Restate the lines exactly, starting at the line that contains "- Mate:59: Combine" and finishing with the final line of the records.

-.-.-

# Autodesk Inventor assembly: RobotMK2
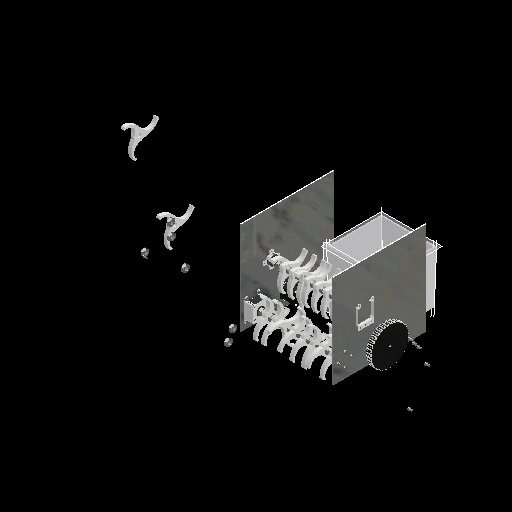
[picture p0: Inventor's stored thumbnail of the model, 512x512]
Saved by Autodesk Inventor 2025 (Build 290162000, 162)
## iProperties
Created: 2025-01-19
Part Number: RobotMK2
Document SubType Name: Assembly
Designer: Trevor
Author: Trevor
## Documents named in this file (18)
- C:\Users\Trevor\Documents\GitHub\USA-Robotic-Club-2024\assests\RobotMK2.iam
- C:\Users\Trevor\Documents\GitHub\USA-Robotic-Club-2024\assests\RightALPanel.ipt
- C:\Users\Trevor\Documents\GitHub\USA-Robotic-Club-2024\assests\LeftALPanel.ipt
- C:\Users\Trevor\Documents\GitHub\USA-Robotic-Club-2024\assests\RobotWheelMK1.ipt
- C:\Users\Trevor\Documents\GitHub\USA-Robotic-Club-2024\assests\Robot Box.ipt
- C:\Users\Trevor\Documents\GitHub\USA-Robotic-Club-2024\assests\17hm08-1204s-nema17-pancake-21mm-1.snapshot.2\17HM08-1204S Nema17 Pancake 21mm\17HM08-1204S Nema17 Pancake 21mm.ipt
- C:\Users\Trevor\Documents\GitHub\USA-Robotic-Club-2024\assests\stepperonline-nema-17-1.snapshot.1\Stepper Motor\Stepper Motor.ipt
- C:\Users\Trevor\Documents\GitHub\USA-Robotic-Club-2024\assests\RodMK3.ipt
- C:\Users\Trevor\Documents\GitHub\USA-Robotic-Club-2024\assests\Combine mk5.ipt
- C:\Users\Trevor\Documents\GitHub\USA-Robotic-Club-2024\assests\bearing-10mm-2.snapshot.2\PMG(Si)\PMG(Si).ipt
- C:\Users\Trevor\Documents\Inventor\Content Center Files\R2025\en-US\DIN 934\DIN 934 - M10 x 1.ipt
- C:\Users\Trevor\Documents\GitHub\USA-Robotic-Club-2024\assests\PanpackeMotorMountMK2.ipt
- C:\Users\Trevor\Documents\GitHub\USA-Robotic-Club-2024\assests\BearingMountMK2.ipt
- C:\Users\Trevor\Documents\Inventor\Content Center Files\R2025\en-US\ANSI B18.3.4M(1)\ANSI B18.3.4M - M5 x 0.8 x 8(2).ipt
- C:\Users\Trevor\Documents\Inventor\Content Center Files\R2025\en-US\DIN 934\DIN 934 - M5 x 0.8.ipt
- C:\Users\Trevor\Documents\Inventor\Content Center Files\R2025\en-US\ANSI B18.3.4M(1)\ANSI B18.3.4M - M3 x 0.5 x 10(2).ipt
- C:\Users\Trevor\Documents\Inventor\Content Center Files\R2025\en-US\ANSI B18.3.4M(1)\ANSI B18.3.4M - M5 x 0.8 x 10(2).ipt
- C:\Users\Trevor\Documents\GitHub\USA-Robotic-Club-2024\assests\Bucket no fillets 2.ipt
## Components (108 placed, 17 different names)
1. Robot Box:1 — Mate:1, Mate:2, Mate:3, Mate:4, Mate:5, Mate:6, Mate:7, Flush:3, Flush:4, Mate:12
2. RobotWheelMK1:1 — Mate:2, Mate:3, Mate:4, Flush:1, Mate:8
3. RobotWheelMK1:2 — Mate:5, Mate:6, Mate:7, Mate:10
4. RightALPanel:1 — Flush:5, Mate:9, Mate:21, Flush:11, Mate:74, Mate:76, Mate:77, Mate:79, Mate:81, Mate:82, Mate:83, Mate:88, Mate:91, Mate:92, Mate:93, Mate:94, Mate:95, Mate:96, Mate:97, Mate:131
5. LeftALPanel:1 — Flush:6, Mate:11, Mate:17, Flush:7, Flush:10, Mate:98, Mate:99, Mate:100, Mate:101, Mate:102, Mate:103, Mate:104, Mate:105, Mate:106, Mate:107, Mate:108, Mate:116, Mate:117, Mate:118, Mate:122, Mate:124, Mate:127, Mate:128, Mate:129, Mate:132, Mate:133
6. Stepper Motor:1 — Mate:8, Mate:9, Mate:13, Mate:90
7. Stepper Motor:2 — Mate:10, Mate:11, Mate:12, Mate:13
8. RodMK3:1 — Mate:18, Mate:19, Mate:20, Mate:24, Mate:26, Mate:28, Mate:29, Mate:30, Mate:31, Mate:33, Mate:34, Mate:38, Mate:39, Mate:43, Mate:44, Mate:48, Mate:50, Mate:52, Mate:54, Mate:55, Mate:58, Mate:60, Mate:61, Mate:64, Mate:66, Mate:67, Mate:70, Mate:72
9. 17HM08-1204S Nema17 Pancake 21mm:1 — Mate:17, Mate:18, Mate:19, Flush:8, Flush:9
10. PMG(Si):1 — Mate:20, Mate:21
11. DIN 934 - replaced by DIN EN 24032/28673/28674 M10 x 1:1 — Mate:24, Mate:27
12. DIN 934 - replaced by DIN EN 24032/28673/28674 M10 x 1:2 — Mate:26, Mate:27, Mate:32
13. DIN 934 - replaced by DIN EN 24032/28673/28674 M10 x 1:4 — Mate:48, Mate:49, Mate:51
14. DIN 934 - replaced by DIN EN 24032/28673/28674 M10 x 1:3 — Mate:33, Mate:35, Mate:36
15. DIN 934 - replaced by DIN EN 24032/28673/28674 M10 x 1:5 — Mate:34, Mate:36, Mate:37
16. DIN 934 - replaced by DIN EN 24032/28673/28674 M10 x 1:6 — Mate:38, Mate:40, Mate:41
17. DIN 934 - replaced by DIN EN 24032/28673/28674 M10 x 1:7 — Mate:50, Mate:51, Mate:53
18. DIN 934 - replaced by DIN EN 24032/28673/28674 M10 x 1:8 — Mate:44, Mate:46, Mate:47
19. DIN 934 - replaced by DIN EN 24032/28673/28674 M10 x 1:9 — Mate:43, Mate:45, Mate:46
20. DIN 934 - replaced by DIN EN 24032/28673/28674 M10 x 1:10 — Mate:39, Mate:41, Mate:42
21. DIN 934 - replaced by DIN EN 24032/28673/28674 M10 x 1:11 — Mate:60, Mate:62, Mate:63
22. DIN 934 - replaced by DIN EN 24032/28673/28674 M10 x 1:12 — Mate:66, Mate:68, Mate:69
23. Combine mk5:2 — Mate:28, Mate:32, Mate:35
24. Combine mk5:3 — Mate:29, Mate:37, Mate:40
25. Combine mk5:4 — Mate:30, Mate:42, Mate:45
26. Combine mk5:5 — Mate:31, Mate:47, Mate:49
27. Combine mk5:6 — Mate:146, Mate:147, Mate:149
28. Combine mk5:7 — Mate:70, Mate:71, Mate:73
29. Combine mk5:8 — Mate:58, Mate:59, Mate:62
30. Combine mk5:9 — Mate:64, Mate:65, Mate:68
31. Combine mk5:10 — Mate:140, Mate:141, Mate:143
32. Combine mk5:11 — Mate:52, Mate:53, Mate:56
33. DIN 934 - replaced by DIN EN 24032/28673/28674 M10 x 1:13 — Mate:61, Mate:63, Mate:65
34. DIN 934 - replaced by DIN EN 24032/28673/28674 M10 x 1:14 — Mate:67, Mate:69, Mate:71
35. DIN 934 - replaced by DIN EN 24032/28673/28674 M10 x 1:15 — Mate:160, Mate:161, Mate:163
36. DIN 934 - replaced by DIN EN 24032/28673/28674 M10 x 1:16 — Mate:144, Mate:145, Mate:147
37. DIN 934 - replaced by DIN EN 24032/28673/28674 M10 x 1:17 — Mate:54, Mate:56, Mate:57
38. DIN 934 - replaced by DIN EN 24032/28673/28674 M10 x 1:18 — Mate:55, Mate:57, Mate:59
39. DIN 934 - replaced by DIN EN 24032/28673/28674 M10 x 1:19 — Mate:72, Mate:73
40. DIN 934 - replaced by DIN EN 24032/28673/28674 M10 x 1:20 — Mate:138, Mate:139, Mate:141
41. DIN 934 - replaced by DIN EN 24032/28673/28674 M10 x 1:21 — Mate:142, Mate:143, Mate:145
42. PanpackeMotorMountMK2:1 — Flush:9, Flush:10, Mate:109, Mate:110, Mate:111, Mate:112, Mate:113, Mate:114, Mate:115
43. BearingMountMK2:1 — Flush:11, Mate:75, Mate:78, Mate:80, Mate:126
44. Broached Hexagon Socket Button Head Cap Screw - Metric M5 x 0.8 x 10:8 — Mate:74, Mate:75, Mate:84
45. Broached Hexagon Socket Button Head Cap Screw - Metric M5 x 0.8 x 10:9 — Mate:76, Mate:85, Mate:126
46. Broached Hexagon Socket Button Head Cap Screw - Metric M5 x 0.8 x 8:3
47. Broached Hexagon Socket Button Head Cap Screw - Metric M5 x 0.8 x 10:1 — Mate:106, Mate:115, Mate:125
48. Broached Hexagon Socket Button Head Cap Screw - Metric M5 x 0.8 x 10:7 — Mate:77, Mate:78, Mate:89
49. Broached Hexagon Socket Button Head Cap Screw - Metric M5 x 0.8 x 8:6
50. Broached Hexagon Socket Button Head Cap Screw - Metric M5 x 0.8 x 8:7
51. Broached Hexagon Socket Button Head Cap Screw - Metric M5 x 0.8 x 10:6 — Mate:79, Mate:80, Mate:87
52. Broached Hexagon Socket Button Head Cap Screw - Metric M5 x 0.8 x 8:9
53. Broached Hexagon Socket Button Head Cap Screw - Metric M5 x 0.8 x 8:10
54. DIN 934 - replaced by DIN EN 24032/28673/28674 M5:1 — Mate:82, Mate:85
55. DIN 934 - replaced by DIN EN 24032/28673/28674 M5:2 — Mate:81, Mate:84
56. DIN 934 - replaced by DIN EN 24032/28673/28674 M5:4 — Mate:83, Mate:87
57. DIN 934 - replaced by DIN EN 24032/28673/28674 M5:5 — Mate:88, Mate:89
58. Broached Hexagon Socket Button Head Cap Screw - Metric M3 x 0.5 x 10:1 — Mate:94, Mate:96
59. Broached Hexagon Socket Button Head Cap Screw - Metric M3 x 0.5 x 10:2 — Mate:93, Mate:95
60. Broached Hexagon Socket Button Head Cap Screw - Metric M3 x 0.5 x 10:3
61. Broached Hexagon Socket Button Head Cap Screw - Metric M3 x 0.5 x 10:4 — Mate:92, Mate:97
62. Broached Hexagon Socket Button Head Cap Screw - Metric M3 x 0.5 x 10:5 — Mate:90, Mate:91
63. Broached Hexagon Socket Button Head Cap Screw - Metric M3 x 0.5 x 10:7 — Mate:98, Mate:102
64. Broached Hexagon Socket Button Head Cap Screw - Metric M3 x 0.5 x 10:8 — Mate:99, Mate:104
65. Broached Hexagon Socket Button Head Cap Screw - Metric M3 x 0.5 x 10:9 — Mate:100, Mate:105
66. Broached Hexagon Socket Button Head Cap Screw - Metric M3 x 0.5 x 10:10 — Mate:101, Mate:103
67. Broached Hexagon Socket Button Head Cap Screw - Metric M5 x 0.8 x 10:2 — Mate:107, Mate:114, Mate:121
68. Broached Hexagon Socket Button Head Cap Screw - Metric M5 x 0.8 x 10:3 — Mate:108, Mate:113, Mate:123
69. Broached Hexagon Socket Button Head Cap Screw - Metric M5 x 0.8 x 10:4 — Mate:109, Mate:112, Mate:119
70. Broached Hexagon Socket Button Head Cap Screw - Metric M5 x 0.8 x 10:5 — Mate:110, Mate:111, Mate:120
71. DIN 934 - replaced by DIN EN 24032/28673/28674 M5:6 — Mate:118, Mate:121
72. DIN 934 - replaced by DIN EN 24032/28673/28674 M5:7 — Mate:117, Mate:119
73. DIN 934 - replaced by DIN EN 24032/28673/28674 M5:8 — Mate:122, Mate:123
74. DIN 934 - replaced by DIN EN 24032/28673/28674 M5:10 — Mate:116, Mate:120
75. DIN 934 - replaced by DIN EN 24032/28673/28674 M5:11 — Mate:124, Mate:125
76. PanpackeMotorMountMK2:2 — Mate:136, Mate:137
77. PMG(Si):2 — Mate:127, Mate:128, Mate:130
78. BearingMountMK2:2 — Mate:129, Mate:130
79. RodMK3:2 — Mate:133, Mate:134, Mate:135, Mate:138, Mate:140, Mate:142, Mate:144, Mate:146, Mate:148, Mate:150, Mate:152, Mate:154, Mate:155, Mate:157, Mate:160, Mate:162, Mate:164, Mate:166, Mate:168, Mate:170, Mate:171, Mate:172, Mate:175, Mate:177, Mate:178, Mate:181, Mate:183, Mate:184
80. 17HM08-1204S Nema17 Pancake 21mm:2 — Mate:131, Mate:132, Mate:134, Mate:135, Mate:136, Mate:137, Mate:139
81. DIN 934 - replaced by DIN EN 24032/28673/28674 M10 x 1:22 — Mate:148, Mate:149, Mate:151
82. DIN 934 - replaced by DIN EN 24032/28673/28674 M10 x 1:23 — Mate:150, Mate:151, Mate:153
83. DIN 934 - replaced by DIN EN 24032/28673/28674 M10 x 1:24 — Mate:155, Mate:156, Mate:158
84. DIN 934 - replaced by DIN EN 24032/28673/28674 M10 x 1:25 — Mate:157, Mate:158, Mate:159
85. DIN 934 - replaced by DIN EN 24032/28673/28674 M10 x 1:26 — Mate:162, Mate:163, Mate:165
86. DIN 934 - replaced by DIN EN 24032/28673/28674 M10 x 1:27
87. Combine mk5:12 — Mate:152, Mate:153, Mate:156
88. Combine mk5:13 — Mate:154, Mate:159, Mate:161
89. Combine mk5:14 — Mate:164, Mate:165, Mate:167
90. Combine mk5:15 — Mate:170, Mate:173
91. Combine mk5:16
92. Combine mk5:17 — Mate:181, Mate:182, Mate:185
93. Combine mk5:19 — Mate:175, Mate:176, Mate:179
94. Combine mk5:20
95. DIN 934 - replaced by DIN EN 24032/28673/28674 M10 x 1:28
96. DIN 934 - replaced by DIN EN 24032/28673/28674 M10 x 1:29 — Mate:168, Mate:169
97. DIN 934 - replaced by DIN EN 24032/28673/28674 M10 x 1:30 — Mate:178, Mate:179, Mate:180
98. DIN 934 - replaced by DIN EN 24032/28673/28674 M10 x 1:31 — Mate:172, Mate:174, Mate:176
99. DIN 934 - replaced by DIN EN 24032/28673/28674 M10 x 1:32
100. DIN 934 - replaced by DIN EN 24032/28673/28674 M10 x 1:33 — Mate:184, Mate:186
101. DIN 934 - replaced by DIN EN 24032/28673/28674 M10 x 1:34
102. DIN 934 - replaced by DIN EN 24032/28673/28674 M10 x 1:36 — Mate:171, Mate:173, Mate:174
103. DIN 934 - replaced by DIN EN 24032/28673/28674 M10 x 1:37 — Mate:183, Mate:185, Mate:186
104. DIN 934 - replaced by DIN EN 24032/28673/28674 M10 x 1:38 — Mate:166, Mate:167, Mate:169
105. DIN 934 - replaced by DIN EN 24032/28673/28674 M10 x 1:39
106. DIN 934 - replaced by DIN EN 24032/28673/28674 M10 x 1:40
107. DIN 934 - replaced by DIN EN 24032/28673/28674 M10 x 1:41 — Mate:177, Mate:180, Mate:182
108. Bucket no fillets 2:1
## Relationships (189: Mate 179, Flush 10)
- Mate:1: Robot Box:1
- Mate:2: Robot Box:1 ↔ RobotWheelMK1:1
- Mate:3 (2 mm): Robot Box:1 ↔ RobotWheelMK1:1
- Mate:4: Robot Box:1 ↔ RobotWheelMK1:1
- Mate:5: Robot Box:1 ↔ RobotWheelMK1:2
- Mate:6 (2 mm): Robot Box:1 ↔ RobotWheelMK1:2
- Mate:7: Robot Box:1 ↔ RobotWheelMK1:2
- Flush:1 (2 mm): RobotWheelMK1:1
- Flush:3 (20 mm): Robot Box:1
- Flush:4 (30 mm): Robot Box:1
- Flush:5: RightALPanel:1
- Flush:6: LeftALPanel:1
- Mate:8: RobotWheelMK1:1 ↔ Stepper Motor:1
- Mate:9: RightALPanel:1 ↔ Stepper Motor:1
- Mate:10: RobotWheelMK1:2 ↔ Stepper Motor:2
- Mate:11: LeftALPanel:1 ↔ Stepper Motor:2
- Mate:12: Robot Box:1 ↔ Stepper Motor:2
- Mate:13: Stepper Motor:1 ↔ Stepper Motor:2
- Mate:17: LeftALPanel:1 ↔ 17HM08-1204S Nema17 Pancake 21mm:1
- Mate:18: RodMK3:1 ↔ 17HM08-1204S Nema17 Pancake 21mm:1
- Mate:19: RodMK3:1 ↔ 17HM08-1204S Nema17 Pancake 21mm:1
- Flush:7 (-10 mm): LeftALPanel:1
- Flush:8: 17HM08-1204S Nema17 Pancake 21mm:1
- Mate:20: RodMK3:1 ↔ PMG(Si):1
- Mate:21: RightALPanel:1 ↔ PMG(Si):1
- Mate:24: RodMK3:1 ↔ DIN 934 - replaced by DIN EN 24032/28673/28674 M10 x 1:1
- Mate:26: RodMK3:1 ↔ DIN 934 - replaced by DIN EN 24032/28673/28674 M10 x 1:2
- Mate:27: DIN 934 - replaced by DIN EN 24032/28673/28674 M10 x 1:1 ↔ DIN 934 - replaced by DIN EN 24032/28673/28674 M10 x 1:2
- Mate:28: RodMK3:1 ↔ Combine mk5:2
- Mate:29: RodMK3:1 ↔ Combine mk5:3
- Mate:30: RodMK3:1 ↔ Combine mk5:4
- Mate:31: RodMK3:1 ↔ Combine mk5:5
- Mate:32: DIN 934 - replaced by DIN EN 24032/28673/28674 M10 x 1:2 ↔ Combine mk5:2
- Mate:33: RodMK3:1 ↔ DIN 934 - replaced by DIN EN 24032/28673/28674 M10 x 1:3
- Mate:34: RodMK3:1 ↔ DIN 934 - replaced by DIN EN 24032/28673/28674 M10 x 1:5
- Mate:35: DIN 934 - replaced by DIN EN 24032/28673/28674 M10 x 1:3 ↔ Combine mk5:2
- Mate:36: DIN 934 - replaced by DIN EN 24032/28673/28674 M10 x 1:3 ↔ DIN 934 - replaced by DIN EN 24032/28673/28674 M10 x 1:5
- Mate:37: DIN 934 - replaced by DIN EN 24032/28673/28674 M10 x 1:5 ↔ Combine mk5:3
- Mate:38: RodMK3:1 ↔ DIN 934 - replaced by DIN EN 24032/28673/28674 M10 x 1:6
- Mate:39: RodMK3:1 ↔ DIN 934 - replaced by DIN EN 24032/28673/28674 M10 x 1:10
- Mate:40: DIN 934 - replaced by DIN EN 24032/28673/28674 M10 x 1:6 ↔ Combine mk5:3
- Mate:41: DIN 934 - replaced by DIN EN 24032/28673/28674 M10 x 1:6 ↔ DIN 934 - replaced by DIN EN 24032/28673/28674 M10 x 1:10
- Mate:42: DIN 934 - replaced by DIN EN 24032/28673/28674 M10 x 1:10 ↔ Combine mk5:4
- Mate:43: RodMK3:1 ↔ DIN 934 - replaced by DIN EN 24032/28673/28674 M10 x 1:9
- Mate:44: RodMK3:1 ↔ DIN 934 - replaced by DIN EN 24032/28673/28674 M10 x 1:8
- Mate:45: DIN 934 - replaced by DIN EN 24032/28673/28674 M10 x 1:9 ↔ Combine mk5:4
- Mate:46: DIN 934 - replaced by DIN EN 24032/28673/28674 M10 x 1:8 ↔ DIN 934 - replaced by DIN EN 24032/28673/28674 M10 x 1:9
- Mate:47: DIN 934 - replaced by DIN EN 24032/28673/28674 M10 x 1:8 ↔ Combine mk5:5
- Mate:48: RodMK3:1 ↔ DIN 934 - replaced by DIN EN 24032/28673/28674 M10 x 1:4
- Mate:49: DIN 934 - replaced by DIN EN 24032/28673/28674 M10 x 1:4 ↔ Combine mk5:5
- Mate:50: RodMK3:1 ↔ DIN 934 - replaced by DIN EN 24032/28673/28674 M10 x 1:7
- Mate:51: DIN 934 - replaced by DIN EN 24032/28673/28674 M10 x 1:4 ↔ DIN 934 - replaced by DIN EN 24032/28673/28674 M10 x 1:7
- Mate:52: RodMK3:1 ↔ Combine mk5:11
- Mate:53: DIN 934 - replaced by DIN EN 24032/28673/28674 M10 x 1:7 ↔ Combine mk5:11
- Mate:54: RodMK3:1 ↔ DIN 934 - replaced by DIN EN 24032/28673/28674 M10 x 1:17
- Mate:55: RodMK3:1 ↔ DIN 934 - replaced by DIN EN 24032/28673/28674 M10 x 1:18
- Mate:56: Combine mk5:11 ↔ DIN 934 - replaced by DIN EN 24032/28673/28674 M10 x 1:17
- Mate:57: DIN 934 - replaced by DIN EN 24032/28673/28674 M10 x 1:17 ↔ DIN 934 - replaced by DIN EN 24032/28673/28674 M10 x 1:18
- Mate:58: RodMK3:1 ↔ Combine mk5:8
- Mate:59: Combine mk5:8 ↔ DIN 934 - replaced by DIN EN 24032/28673/28674 M10 x 1:18
- Mate:60: RodMK3:1 ↔ DIN 934 - replaced by DIN EN 24032/28673/28674 M10 x 1:11
- Mate:61: RodMK3:1 ↔ DIN 934 - replaced by DIN EN 24032/28673/28674 M10 x 1:13
- Mate:62: DIN 934 - replaced by DIN EN 24032/28673/28674 M10 x 1:11 ↔ Combine mk5:8
- Mate:63: DIN 934 - replaced by DIN EN 24032/28673/28674 M10 x 1:11 ↔ DIN 934 - replaced by DIN EN 24032/28673/28674 M10 x 1:13
- Mate:64: RodMK3:1 ↔ Combine mk5:9
- Mate:65: Combine mk5:9 ↔ DIN 934 - replaced by DIN EN 24032/28673/28674 M10 x 1:13
- Mate:66: RodMK3:1 ↔ DIN 934 - replaced by DIN EN 24032/28673/28674 M10 x 1:12
- Mate:67: RodMK3:1 ↔ DIN 934 - replaced by DIN EN 24032/28673/28674 M10 x 1:14
- Mate:68: DIN 934 - replaced by DIN EN 24032/28673/28674 M10 x 1:12 ↔ Combine mk5:9
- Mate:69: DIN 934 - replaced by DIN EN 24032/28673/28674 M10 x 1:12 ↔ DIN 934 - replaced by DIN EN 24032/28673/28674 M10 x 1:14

-.-.-

**Solution to this exercise**
- Mate:59: Combine mk5:8 ↔ DIN 934 - replaced by DIN EN 24032/28673/28674 M10 x 1:18
- Mate:60: RodMK3:1 ↔ DIN 934 - replaced by DIN EN 24032/28673/28674 M10 x 1:11
- Mate:61: RodMK3:1 ↔ DIN 934 - replaced by DIN EN 24032/28673/28674 M10 x 1:13
- Mate:62: DIN 934 - replaced by DIN EN 24032/28673/28674 M10 x 1:11 ↔ Combine mk5:8
- Mate:63: DIN 934 - replaced by DIN EN 24032/28673/28674 M10 x 1:11 ↔ DIN 934 - replaced by DIN EN 24032/28673/28674 M10 x 1:13
- Mate:64: RodMK3:1 ↔ Combine mk5:9
- Mate:65: Combine mk5:9 ↔ DIN 934 - replaced by DIN EN 24032/28673/28674 M10 x 1:13
- Mate:66: RodMK3:1 ↔ DIN 934 - replaced by DIN EN 24032/28673/28674 M10 x 1:12
- Mate:67: RodMK3:1 ↔ DIN 934 - replaced by DIN EN 24032/28673/28674 M10 x 1:14
- Mate:68: DIN 934 - replaced by DIN EN 24032/28673/28674 M10 x 1:12 ↔ Combine mk5:9
- Mate:69: DIN 934 - replaced by DIN EN 24032/28673/28674 M10 x 1:12 ↔ DIN 934 - replaced by DIN EN 24032/28673/28674 M10 x 1:14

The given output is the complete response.